Le « prêt » est le contrat par lequel une personne remet à une autre, à titre précaire, un objet, du matériel, ou des matériaux, des marchandises, ou une somme d’argent, à charge de restitution au terme comme conviennent . L’emprunteur est un détenteur.

-Le Code civil prévoit trois sortes de prêt: le prêt à usage qui avant la Loi n ° 2009-526 du 12 mai 2009 se dénommait aussi « commodat », le prêt de consommation et le prêt à intérêt. Dans le premier cas l’emprunteur doit restituer au prêteur la chose même qu’il lui a été confiée et ce, sans pouvoir en disposer, tandis que dans le second cas, l’emprunteur ne doit qu’une chose choisie de même espèce, de même quantité et de même qualité. Ces deux contrats sont en principe à titre gratuit. Le troisième type de prêt est le prêt d’argent.

-La remise d’une somme d’argent ne suffit pas à justifier l’obligation pour la personne qui reçoit, de la restituer. Le juge du fond doit constater que la preuve du prêt litigieux est rapportée conformément aux règles qui gouvernent la preuve des actes juridiques (1ère Chambre civile, 8 avril 2010, pourvoi: 09-10977, BICC n ° 727 du 15 septembre 2010 et Legifrance) . Le contrat de prêt est définitivement formé non pas à la date de la souscription de la reconnaissance de dette mais à la date de la remise des fonds empruntés (1ère Chambre civile 9 février 2012, pourvoi n ° 10-27785, BICC n ° 762 du 15 mai 2012 et Legifrance). Lorsque l’emprunteur ayant souscrit une reconnaissance de dette, excipe de la non-remise des sommes empruntés, il soulève alors, un moyen fondé sur l’absence de cause. Il s’agit alors de savoir qui, de l’emprunteur ou du préteur, doit prouver le versement des sommes empruntées. La Première Chambre civile juge que l’article 1132 du code civil, dispose que la convention est valable quoique la cause n’en soit pas exprimée, cette disposition met la preuve du défaut ou de l’illicéité de la cause à la charge de celui qui l’invoque: en l’occurence, à la charge de l’emprunteur (1ère Chambre Civile, 19 juin 2008, pourvoi n ° 06-19.056, BICC n ° 678 du 15 novembre 2008; même Chambre, 8 octobre 2009 , pourvoi n ° 08-14625, BICC n ° 178 du 15 mars 2010 et 4 mai 2012, pourvoi: 10-13545 et Legifrance). Et la première chambre civile à inclure: la règle énoncée par l’article 1132 du code civil, institue une présomption que la cause de l’obligation invoquée existe et qu’elle est licite. Cette règle n’exige pas, pour son application, l’existence d’un acte répondant aux conditions de forme prescrites par l’article 1326 du code civil (1ère Chambre civile 12 janvier 2012 pourvoi n ° 10-24614, LexisNexis et Legifrance) . Consulter aussi les notes de M. Ribeyrol, de Madame Pouliquen et celle de Madame Le Gallou référencées dans la Bibliographie ci-après.

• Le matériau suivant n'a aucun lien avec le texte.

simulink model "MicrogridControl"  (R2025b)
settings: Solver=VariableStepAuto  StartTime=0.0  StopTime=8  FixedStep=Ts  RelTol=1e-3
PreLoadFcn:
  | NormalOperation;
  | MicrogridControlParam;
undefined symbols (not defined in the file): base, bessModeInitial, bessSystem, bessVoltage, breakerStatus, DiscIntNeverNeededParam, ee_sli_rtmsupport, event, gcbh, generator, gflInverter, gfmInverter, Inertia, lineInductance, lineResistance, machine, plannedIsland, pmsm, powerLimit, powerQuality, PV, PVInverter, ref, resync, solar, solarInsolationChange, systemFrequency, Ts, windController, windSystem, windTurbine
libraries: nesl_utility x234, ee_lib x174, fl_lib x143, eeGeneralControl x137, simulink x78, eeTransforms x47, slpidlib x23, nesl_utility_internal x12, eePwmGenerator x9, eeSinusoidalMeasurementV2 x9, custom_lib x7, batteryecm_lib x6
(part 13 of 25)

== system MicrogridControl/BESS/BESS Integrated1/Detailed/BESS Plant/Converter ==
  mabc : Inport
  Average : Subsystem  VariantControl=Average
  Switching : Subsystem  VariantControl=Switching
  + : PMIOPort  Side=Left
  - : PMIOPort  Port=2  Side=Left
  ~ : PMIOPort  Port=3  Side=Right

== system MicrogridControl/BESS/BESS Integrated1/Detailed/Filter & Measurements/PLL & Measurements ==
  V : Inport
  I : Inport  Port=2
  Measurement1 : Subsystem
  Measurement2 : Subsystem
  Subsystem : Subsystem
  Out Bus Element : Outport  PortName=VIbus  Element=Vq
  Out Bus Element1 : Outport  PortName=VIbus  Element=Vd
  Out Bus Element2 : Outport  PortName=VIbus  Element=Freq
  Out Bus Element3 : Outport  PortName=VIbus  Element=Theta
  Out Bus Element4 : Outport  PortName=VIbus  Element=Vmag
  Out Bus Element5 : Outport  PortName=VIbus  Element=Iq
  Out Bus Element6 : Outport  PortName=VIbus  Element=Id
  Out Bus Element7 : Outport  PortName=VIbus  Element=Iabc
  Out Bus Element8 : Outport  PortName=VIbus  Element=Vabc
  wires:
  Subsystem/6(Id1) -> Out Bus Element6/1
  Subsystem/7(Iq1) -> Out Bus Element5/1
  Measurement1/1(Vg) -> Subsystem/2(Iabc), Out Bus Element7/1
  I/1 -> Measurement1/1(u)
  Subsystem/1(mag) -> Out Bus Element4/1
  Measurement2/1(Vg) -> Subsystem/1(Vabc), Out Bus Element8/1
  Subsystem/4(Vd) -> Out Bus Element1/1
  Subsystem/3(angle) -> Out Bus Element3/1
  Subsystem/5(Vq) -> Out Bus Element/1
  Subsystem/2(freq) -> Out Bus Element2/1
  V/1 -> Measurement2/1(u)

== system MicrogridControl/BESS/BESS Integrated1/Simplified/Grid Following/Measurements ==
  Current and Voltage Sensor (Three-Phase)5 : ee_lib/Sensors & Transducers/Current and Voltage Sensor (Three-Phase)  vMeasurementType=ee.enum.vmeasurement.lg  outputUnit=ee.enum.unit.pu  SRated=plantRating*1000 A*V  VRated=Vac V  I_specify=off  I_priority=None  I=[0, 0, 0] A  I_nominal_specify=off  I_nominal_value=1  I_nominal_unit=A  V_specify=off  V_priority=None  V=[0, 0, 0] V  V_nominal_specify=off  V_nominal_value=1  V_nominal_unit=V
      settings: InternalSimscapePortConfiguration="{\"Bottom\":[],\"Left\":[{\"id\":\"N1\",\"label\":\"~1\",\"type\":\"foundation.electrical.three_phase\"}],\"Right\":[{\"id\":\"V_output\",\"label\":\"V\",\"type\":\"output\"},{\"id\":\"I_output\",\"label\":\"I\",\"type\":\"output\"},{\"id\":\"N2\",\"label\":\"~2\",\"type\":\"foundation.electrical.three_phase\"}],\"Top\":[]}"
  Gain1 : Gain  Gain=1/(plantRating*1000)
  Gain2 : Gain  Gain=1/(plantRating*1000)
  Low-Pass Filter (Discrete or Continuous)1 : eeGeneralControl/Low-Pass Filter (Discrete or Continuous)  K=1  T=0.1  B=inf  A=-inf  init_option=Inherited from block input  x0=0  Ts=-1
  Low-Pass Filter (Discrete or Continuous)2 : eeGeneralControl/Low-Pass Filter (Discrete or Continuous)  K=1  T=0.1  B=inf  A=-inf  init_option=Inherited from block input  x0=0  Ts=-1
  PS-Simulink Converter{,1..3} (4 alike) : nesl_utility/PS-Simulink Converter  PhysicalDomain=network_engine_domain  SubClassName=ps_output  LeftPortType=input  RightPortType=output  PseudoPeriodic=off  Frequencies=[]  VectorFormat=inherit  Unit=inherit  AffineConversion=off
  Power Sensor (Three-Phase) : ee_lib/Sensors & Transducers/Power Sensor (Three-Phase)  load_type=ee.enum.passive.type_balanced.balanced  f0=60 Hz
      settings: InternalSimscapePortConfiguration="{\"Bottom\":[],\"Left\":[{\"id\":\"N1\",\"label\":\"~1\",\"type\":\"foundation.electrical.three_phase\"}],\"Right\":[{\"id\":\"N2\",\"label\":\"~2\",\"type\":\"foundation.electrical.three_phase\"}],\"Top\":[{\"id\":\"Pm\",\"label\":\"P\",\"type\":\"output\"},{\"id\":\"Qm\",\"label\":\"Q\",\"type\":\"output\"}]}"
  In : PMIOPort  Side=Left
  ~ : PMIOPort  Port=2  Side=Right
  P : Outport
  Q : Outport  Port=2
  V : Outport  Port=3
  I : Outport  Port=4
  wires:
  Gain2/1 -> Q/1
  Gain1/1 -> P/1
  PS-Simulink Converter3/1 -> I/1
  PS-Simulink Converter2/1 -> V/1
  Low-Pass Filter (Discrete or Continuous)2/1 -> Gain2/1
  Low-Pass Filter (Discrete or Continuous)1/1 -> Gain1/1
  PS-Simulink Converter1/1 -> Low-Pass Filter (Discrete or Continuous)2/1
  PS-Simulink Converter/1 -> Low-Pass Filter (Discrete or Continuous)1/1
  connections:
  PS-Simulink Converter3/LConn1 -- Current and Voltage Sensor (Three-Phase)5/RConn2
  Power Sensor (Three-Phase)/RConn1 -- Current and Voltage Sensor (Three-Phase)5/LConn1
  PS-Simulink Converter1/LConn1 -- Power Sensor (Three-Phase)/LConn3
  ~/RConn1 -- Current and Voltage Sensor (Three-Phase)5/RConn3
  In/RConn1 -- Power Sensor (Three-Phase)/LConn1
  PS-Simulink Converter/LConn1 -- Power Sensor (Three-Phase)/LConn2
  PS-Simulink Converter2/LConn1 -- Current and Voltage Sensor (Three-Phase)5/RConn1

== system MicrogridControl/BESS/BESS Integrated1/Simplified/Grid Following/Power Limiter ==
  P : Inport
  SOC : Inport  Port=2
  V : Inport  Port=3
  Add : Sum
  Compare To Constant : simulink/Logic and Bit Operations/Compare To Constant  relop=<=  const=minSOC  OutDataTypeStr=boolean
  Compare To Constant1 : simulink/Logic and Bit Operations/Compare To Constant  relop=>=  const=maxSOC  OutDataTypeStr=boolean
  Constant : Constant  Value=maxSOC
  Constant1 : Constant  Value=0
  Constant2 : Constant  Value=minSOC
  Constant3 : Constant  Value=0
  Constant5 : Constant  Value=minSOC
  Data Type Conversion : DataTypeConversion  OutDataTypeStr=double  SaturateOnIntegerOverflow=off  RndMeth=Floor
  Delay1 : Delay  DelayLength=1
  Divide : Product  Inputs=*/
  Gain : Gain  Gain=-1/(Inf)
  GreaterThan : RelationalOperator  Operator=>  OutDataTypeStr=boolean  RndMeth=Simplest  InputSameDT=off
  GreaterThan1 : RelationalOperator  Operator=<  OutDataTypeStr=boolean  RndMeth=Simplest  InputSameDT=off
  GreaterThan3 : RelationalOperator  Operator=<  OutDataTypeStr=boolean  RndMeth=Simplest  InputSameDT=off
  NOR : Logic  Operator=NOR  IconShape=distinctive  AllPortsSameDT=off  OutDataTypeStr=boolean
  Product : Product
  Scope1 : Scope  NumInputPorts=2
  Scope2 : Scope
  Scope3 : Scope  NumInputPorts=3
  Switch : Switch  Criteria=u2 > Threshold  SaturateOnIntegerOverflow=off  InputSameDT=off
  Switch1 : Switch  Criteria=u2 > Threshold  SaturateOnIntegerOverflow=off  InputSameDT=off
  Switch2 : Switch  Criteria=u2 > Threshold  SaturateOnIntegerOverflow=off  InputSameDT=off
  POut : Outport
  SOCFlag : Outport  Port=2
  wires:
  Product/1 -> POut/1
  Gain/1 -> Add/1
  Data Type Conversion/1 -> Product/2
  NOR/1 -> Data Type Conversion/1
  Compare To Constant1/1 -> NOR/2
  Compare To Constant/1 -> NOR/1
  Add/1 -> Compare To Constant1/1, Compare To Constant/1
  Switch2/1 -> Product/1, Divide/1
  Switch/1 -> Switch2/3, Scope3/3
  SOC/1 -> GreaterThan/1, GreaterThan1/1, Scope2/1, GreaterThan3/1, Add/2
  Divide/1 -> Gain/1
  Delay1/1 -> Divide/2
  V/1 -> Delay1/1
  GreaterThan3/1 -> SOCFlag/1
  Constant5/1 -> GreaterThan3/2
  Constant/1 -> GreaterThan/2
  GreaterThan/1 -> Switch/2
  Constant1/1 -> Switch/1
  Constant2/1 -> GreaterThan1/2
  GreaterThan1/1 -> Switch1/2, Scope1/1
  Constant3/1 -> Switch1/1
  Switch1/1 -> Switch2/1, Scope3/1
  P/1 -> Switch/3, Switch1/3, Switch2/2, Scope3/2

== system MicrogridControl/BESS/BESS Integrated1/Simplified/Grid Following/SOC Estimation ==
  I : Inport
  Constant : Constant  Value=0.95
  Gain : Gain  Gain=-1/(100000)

-Les emprunteurs peuvent souscrire une assurance pour le cas où par suite de certains événements, comme le décès, la maladie, ou la perte d’emploi, ils ne seraient pas plus en mesure de faire face aux échéances du prêt. Lorsqu’un prêt est souscrit par un des acquéreurs indivis d’un bien immobilier et que cet emprunt se trouve couvert par une assurance, le règlement prévu au contrat d’assurance a pour effet d’éteindre, à concurrence du montant de la prestation de l’assureur, la dette de contribution incombant à l’assuré concerné. Si donc les indivisaires vendent le bien immobilier acheté dans les conditions ci-dessus, l’indivisaire victime d’un sinistre pris en charge par la garantie d’assurance, est fondé à soutenir que la dette indivise a été éteinte à l’aide de deniers personnels et obtenir du notaire chargé de la répartition du prix entre les coindivisaires, à porter à son compte le montant des sommes qui lui ont été versées par la compagnie d’assurances. (1ère Cambre civile 15 décembre 2010, pourvoi: 09-16693, BICC n ° 740 du 15 avril 2011 et Legifrance).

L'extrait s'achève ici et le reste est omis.